Nov 24, 2014 4:20 PM
Bills vs Jets a hot ticket in Detroit
The Associated Press
DETROIT (AP) Die-hard fans of the Buffalo Bills and New York Jets might be hard to come by in the hometown of the Detroit Lions. But there's certainly no shortage of fans of free tickets to an Empire State matchup in the Motor City.
More than 67,000 tickets were handed out for the Bills' home game Monday night in Detroit that was postponed a day and moved 250 miles away after heavy snow in western New York.
The price was difficult to beat football fans snapped up all available free tickets.
"Being free definitely sweetened the deal," said Jennifer Trimmer, a receptionist who got four tickets. She was making the roughly 80-mile drive from the state capital of Lansing to Ford Field with her boyfriend and meeting another couple there to tailgate and take in the game.
"It's an exciting thing to do, and not something that normally happens," said Trimmer, a self-described "regular watcher of all things football" but first-time visitor to Detroit's stadium. "Never again are we going to see the Bills-Jets at Ford Field."
Of course, the free ticket is a two-edged sword a fun thing to nab but not a guarantee of turnout to see two teams at the bottom of the AFC East playing hundreds of miles from their home turf, even in a climate-controlled facility that holds 65,000. It was also a Monday night game that's not on "Monday Night Football," played in a town that's snow-free but experiencing high wind warnings as a cold front moves through.
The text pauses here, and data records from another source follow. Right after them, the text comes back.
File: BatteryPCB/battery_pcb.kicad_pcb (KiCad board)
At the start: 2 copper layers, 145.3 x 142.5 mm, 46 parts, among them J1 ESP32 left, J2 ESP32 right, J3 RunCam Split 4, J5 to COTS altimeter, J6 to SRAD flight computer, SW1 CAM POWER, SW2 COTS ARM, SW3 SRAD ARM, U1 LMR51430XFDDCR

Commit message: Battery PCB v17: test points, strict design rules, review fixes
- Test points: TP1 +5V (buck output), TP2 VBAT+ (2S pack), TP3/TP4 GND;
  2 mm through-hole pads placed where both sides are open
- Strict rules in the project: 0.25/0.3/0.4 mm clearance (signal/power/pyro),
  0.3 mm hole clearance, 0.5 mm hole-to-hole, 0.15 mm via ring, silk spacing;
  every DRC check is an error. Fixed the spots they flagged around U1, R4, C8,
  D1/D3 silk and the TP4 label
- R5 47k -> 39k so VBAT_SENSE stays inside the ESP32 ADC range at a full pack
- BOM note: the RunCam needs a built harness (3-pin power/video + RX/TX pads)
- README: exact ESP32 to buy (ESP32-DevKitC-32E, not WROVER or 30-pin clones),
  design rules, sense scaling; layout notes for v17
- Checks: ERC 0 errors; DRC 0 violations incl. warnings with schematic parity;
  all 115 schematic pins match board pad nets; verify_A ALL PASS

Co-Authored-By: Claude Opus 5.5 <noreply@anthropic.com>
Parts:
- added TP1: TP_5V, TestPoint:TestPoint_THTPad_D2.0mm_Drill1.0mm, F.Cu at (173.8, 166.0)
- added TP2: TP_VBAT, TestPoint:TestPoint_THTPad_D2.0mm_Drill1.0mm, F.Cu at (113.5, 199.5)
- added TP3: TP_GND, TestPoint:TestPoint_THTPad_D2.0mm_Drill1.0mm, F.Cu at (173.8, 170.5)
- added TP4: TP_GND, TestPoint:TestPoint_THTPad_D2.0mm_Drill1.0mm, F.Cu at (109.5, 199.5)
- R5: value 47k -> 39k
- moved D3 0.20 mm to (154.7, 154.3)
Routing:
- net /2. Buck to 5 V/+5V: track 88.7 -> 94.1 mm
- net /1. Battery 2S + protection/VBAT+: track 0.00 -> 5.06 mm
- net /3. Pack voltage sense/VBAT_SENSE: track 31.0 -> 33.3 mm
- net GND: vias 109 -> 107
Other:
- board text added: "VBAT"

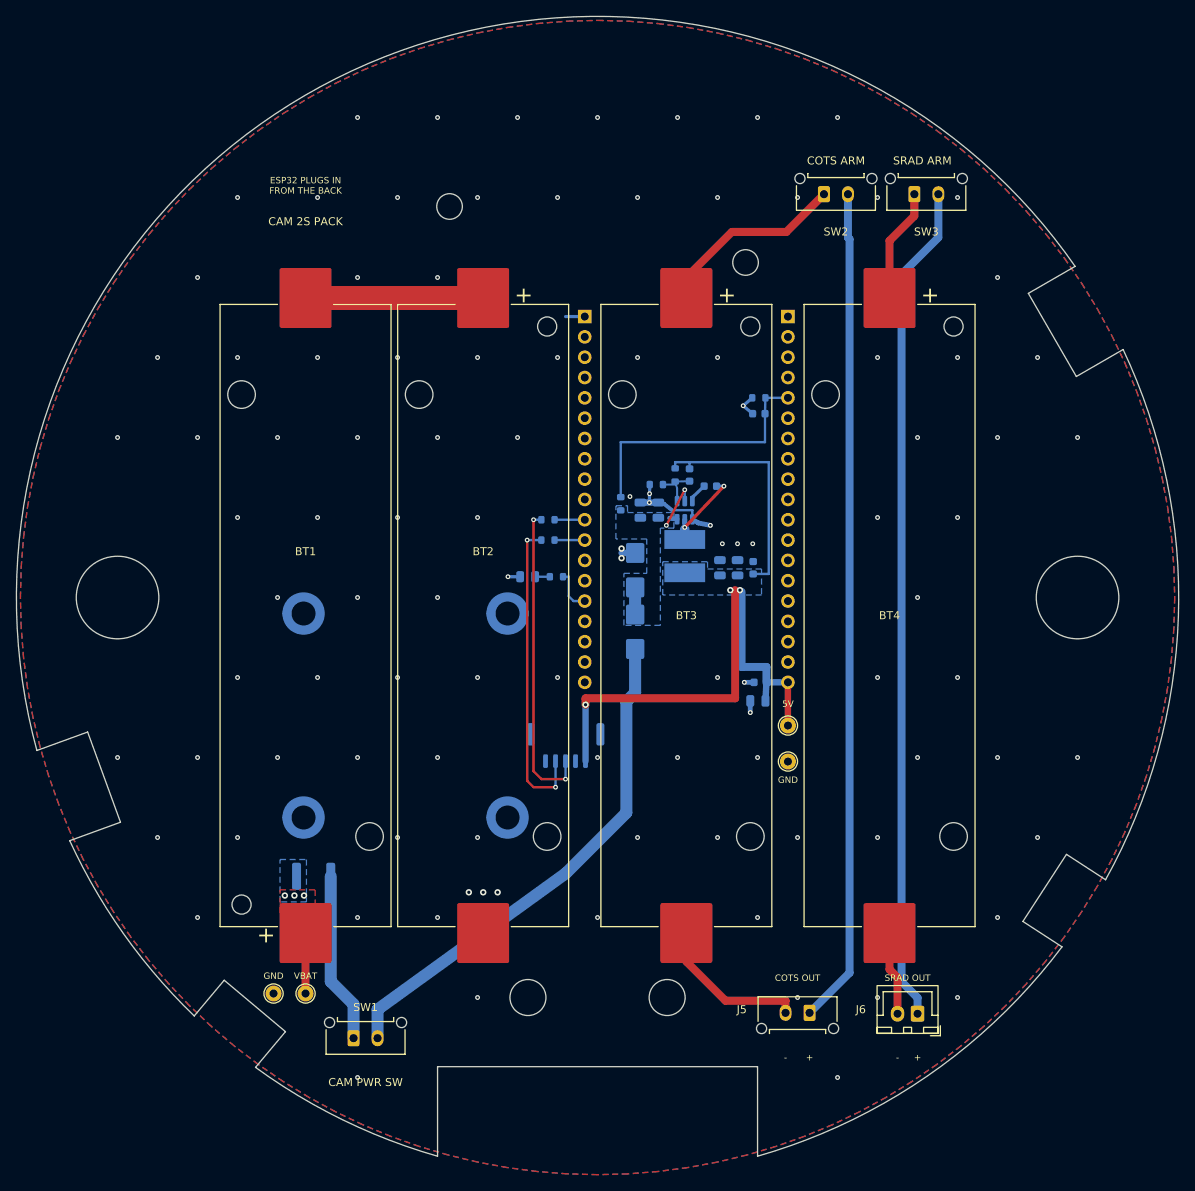
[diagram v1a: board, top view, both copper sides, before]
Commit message: Battery PCB v18: antenna clearance, stack outline, cut-outs, XT30 outputs
Second design review:
- ESP32 antenna: back-copper keep-out (no pour, tracks or vias) 15 mm to
  each side of and past the DevKitC antenna, outlined on the back silk;
  COTS_SW rerouted around it; nylon M3 note for H5, the stack bolt over it.
- Pin-switch stack outlined on the front silk.
- Two spare 12 x 7 mm wire pass-throughs at the upper left.
- J5/J6 battery outputs are AMASS XT30UPB-F (pin 1 minus, pin 2 plus);
  schematic labels swapped to match, BOM and cable-side parts updated.
ERC 0 errors, DRC 0 (strict, schematic parity), verify_A all pass.

Co-Authored-By: Claude Opus 5.5 <noreply@anthropic.com>
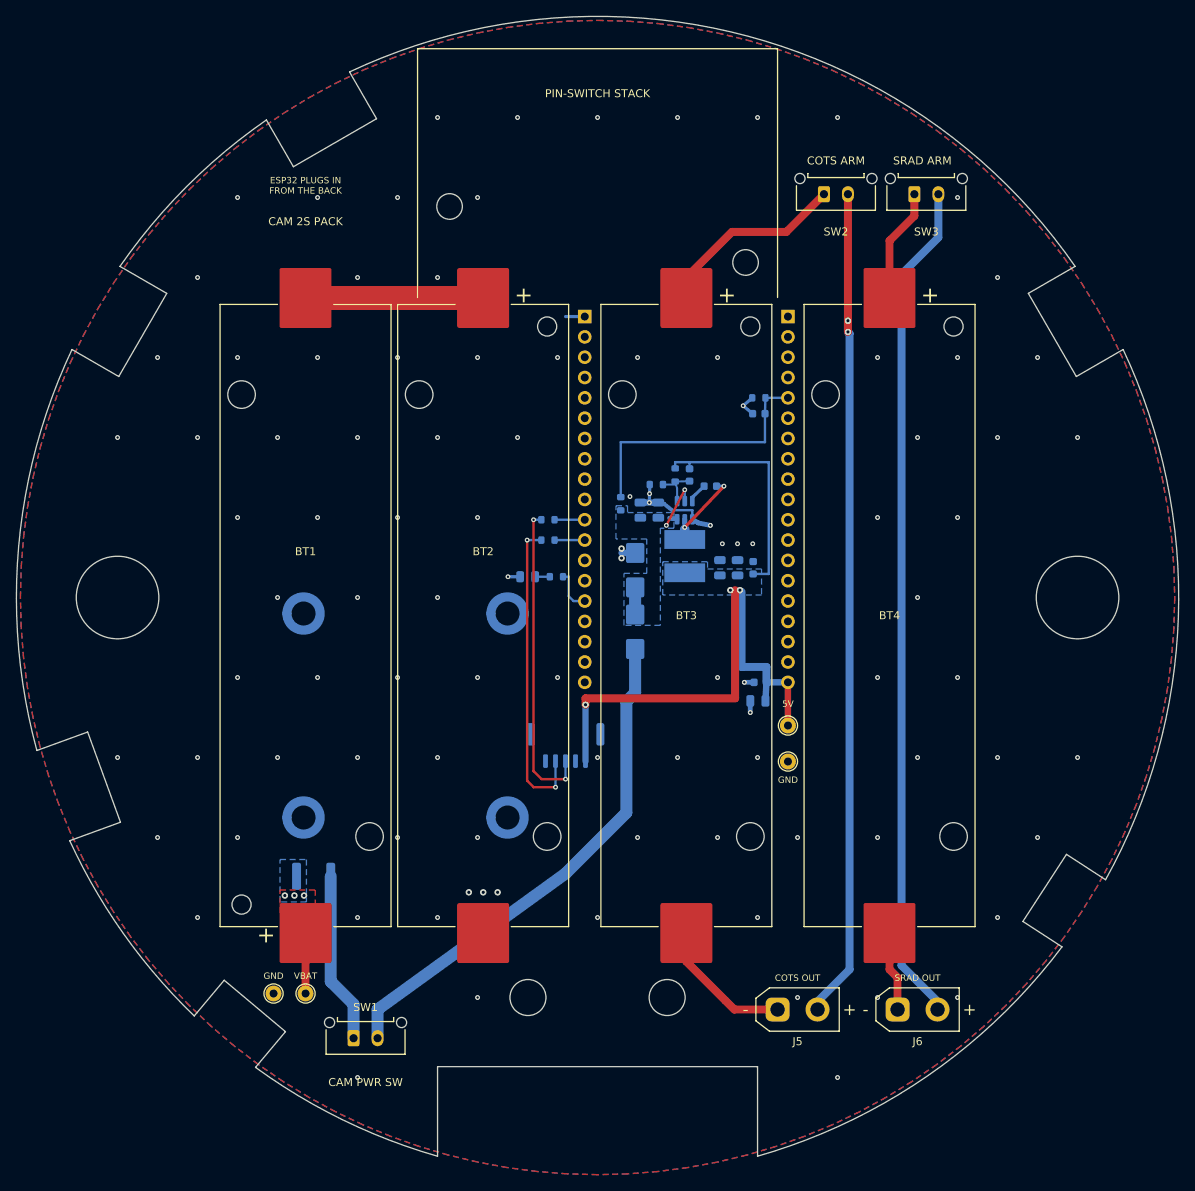
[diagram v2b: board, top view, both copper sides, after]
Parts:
- J5: footprint battery_pcb:Molex_Micro-Fit_3.0_43650-0215_1x02_P3.00mm_Vertical -> battery_pcb:AMASS_XT30UPB-F_1x02_P5.0mm_Vertical
- J6: footprint Connector_JST:JST_XH_B2B-XH-A_1x02_P2.50mm_Vertical -> battery_pcb:AMASS_XT30UPB-F_1x02_P5.0mm_Vertical
- moved J5 4.02 mm to (172.5, 201.5), turned to 0 degrees
- moved J6 2.55 mm to (187.5, 201.5), turned to 0 degrees
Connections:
- J5 pad 1: /6. COTS / SRAD supplies/COTS_SW -> /6. COTS / SRAD supplies/COTS_BAT-
- J5 pad 2: /6. COTS / SRAD supplies/COTS_BAT- -> /6. COTS / SRAD supplies/COTS_SW
- J6 pad 1: /6. COTS / SRAD supplies/SRAD_SW -> /6. COTS / SRAD supplies/SRAD_BAT-
- J6 pad 2: /6. COTS / SRAD supplies/SRAD_BAT- -> /6. COTS / SRAD supplies/SRAD_SW
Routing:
- net /6. COTS / SRAD supplies/COTS_BAT-: track 19.5 -> 17.4 mm
- net /6. COTS / SRAD supplies/COTS_SW: track 104.5 -> 105.1 mm, vias 0 -> 2
- net /6. COTS / SRAD supplies/SRAD_BAT-: track 10.5 -> 9.97 mm
- net /6. COTS / SRAD supplies/SRAD_SW: track 105.2 -> 105.7 mm
- net GND: vias 107 -> 101
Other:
- outline, holes or cut-outs redrawn
- board text added: "ANTENNA KEEP-OUT 15 mm NO COPPER THIS SIDE"
- board text added: "H5: NYLON M3 BOLT AND NUT"
- board text added: "PIN-SWITCH STACK"
- board text removed: "+"
- board text removed: "-"

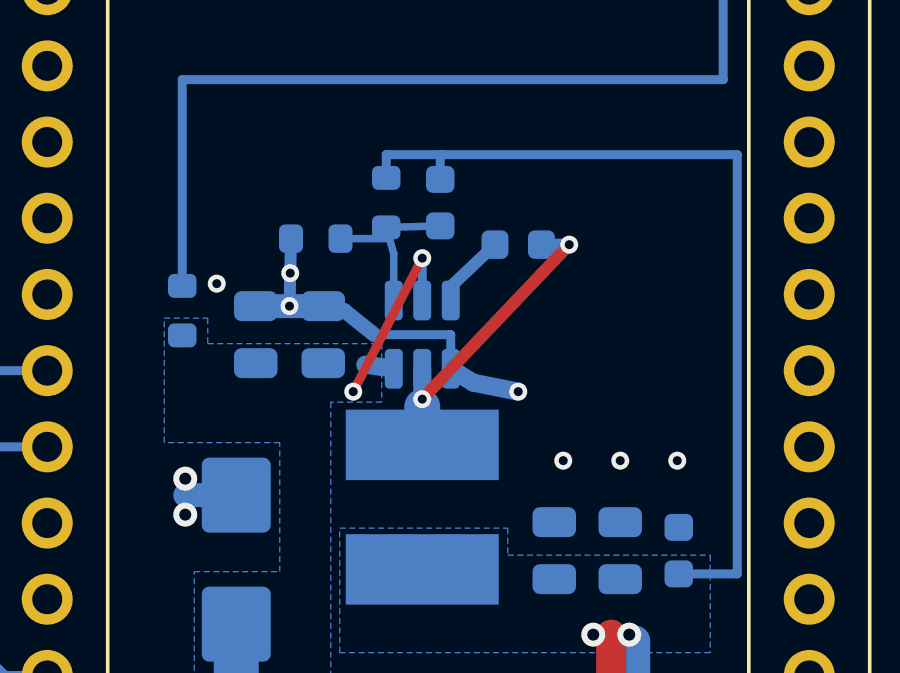
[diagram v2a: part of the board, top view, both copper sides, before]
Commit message: Battery PCB v19: UVLO on the buck, input caps, 6.8 uH, wired schematic
Third review (design check of the power path):
- U1 EN gets an R9/R10 divider (UVLO: on 6.3 V, off 5.5 V at VIN) so
  the 2S pack is no longer run down to 1.8 V per cell.
- Input caps per the LMR51430 datasheet: C1 is the 100 nF at U1's pins,
  C2 + new C11 (10 uF) are the bulk.
- L1 6.8 uH (TI's value for 500 kHz / 5 V out), same footprint.
- Sheets 1-3 redrawn with wires; C1/C2 moved next to U1; stale 47k
  divider note and the SS34 value on D3 corrected.
ERC 0 errors, DRC 0 (strict, schematic parity), verify_A all pass.

Co-Authored-By: Claude Opus 5.5 <noreply@anthropic.com>
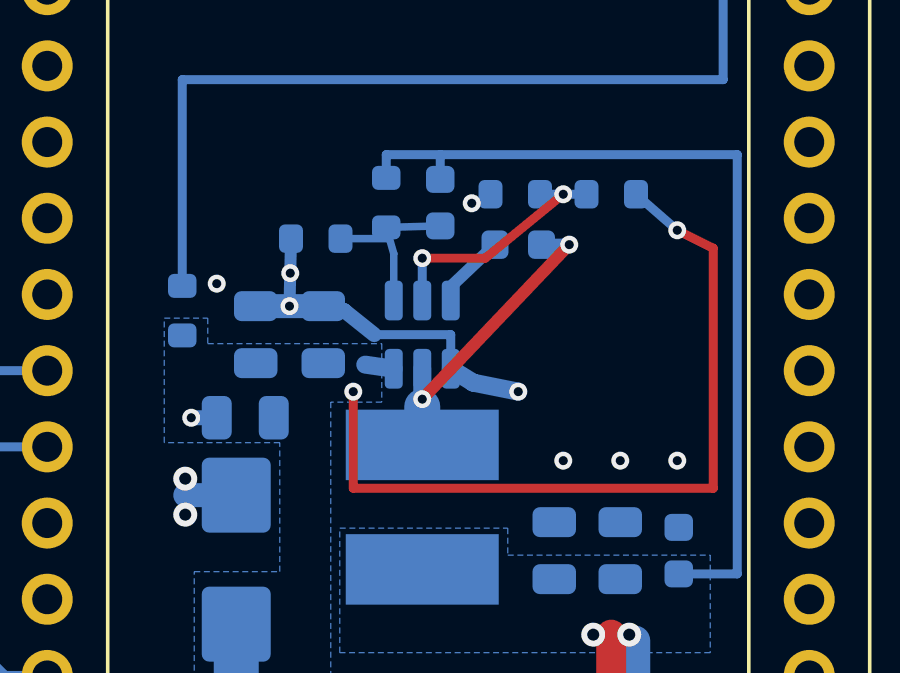
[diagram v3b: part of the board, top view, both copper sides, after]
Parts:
- added C11: 10u / 25V, Capacitor_SMD:C_0805_2012Metric, B.Cu at (155.0, 141.8)
- added R10: 100k 1%, Resistor_SMD:R_0603_1608Metric, B.Cu at (164.0, 134.4)
- added R9: 412k 1%, Resistor_SMD:R_0603_1608Metric, B.Cu at (167.2, 134.4)
- C1: value 10u / 25V -> 100n / 50V
- D3: value SS34 reverse prot -> B340B
- L1: value 4u7 / 3A -> 6u8 / 3.6A
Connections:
- U1 pad 5: /1. Battery 2S + protection/VIN -> /2. Buck to 5 V/EN
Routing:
- net /1. Battery 2S + protection/VIN: track 10.8 -> 30.7 mm
- net /2. Buck to 5 V/EN: track 0.00 -> 8.42 mm, vias 0 -> 2
- net GND: track 24.0 -> 24.8 mm, vias 101 -> 103

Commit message: Battery PCB v19.1: LCSC part numbers, R9 402k (412k out of stock)
- BOM: checked LCSC numbers for every soldered part LCSC sells, DigiKey/
  Mouser numbers for the rest (Keystone 1042, Wurth 9774050243R, ESP32).
  J1/J2 LCSC alternative HCTL PM254-1-19-Z-8.5 (Sullins out of stock).
- JLCPCB assembly BOM + CPL (optional).
- R9 412k -> 402k (412k has no LCSC stock): UVLO on 6.2 V, off 5.4 V.
ERC 0 errors, DRC 0 (strict, schematic parity), verify_A all pass.

Co-Authored-By: Claude Opus 5.5 <noreply@anthropic.com>
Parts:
- R9: value 412k 1% -> 402k 1%

Bills President Russ Brandon said he was impressed by how rapidly the tickets were distributed and that the team is "looking forward to a robust house." Still, he acknowledged that with free tickets, the no-show rate tends to be higher.
It's the second time in four years Detroit has answered the call for another NFL team in need. In December 2010, the Minnesota Vikings' home game against the New York Giants was moved to Detroit a day later after the Metrodome's roof collapsed.
The Giants won 21-3 before an announced crowd of 45,910. Admission was free, with holders of tickets of the scheduled game in Minnesota offered opportunities to sit behind both team's benches. The Bills worked with Lions staff to offer similarly preferred seating for Buffalo ticketholders willing to make the trek.
Yvette Abela, a Lions regular-season ticketholder, said she was among the "lucky folks" to receive an email notification the day before everybody else about the giveaway, so she picked up four. She, her husband Tony and two children were planning to "cook up some burgers" while tailgating and then head into Ford Field.
"My son, Anthony, is 6, and he's so psyched about going to a Monday night football game," the Dearborn resident said. "He's a big New York fan, but he'd never root against the Lions."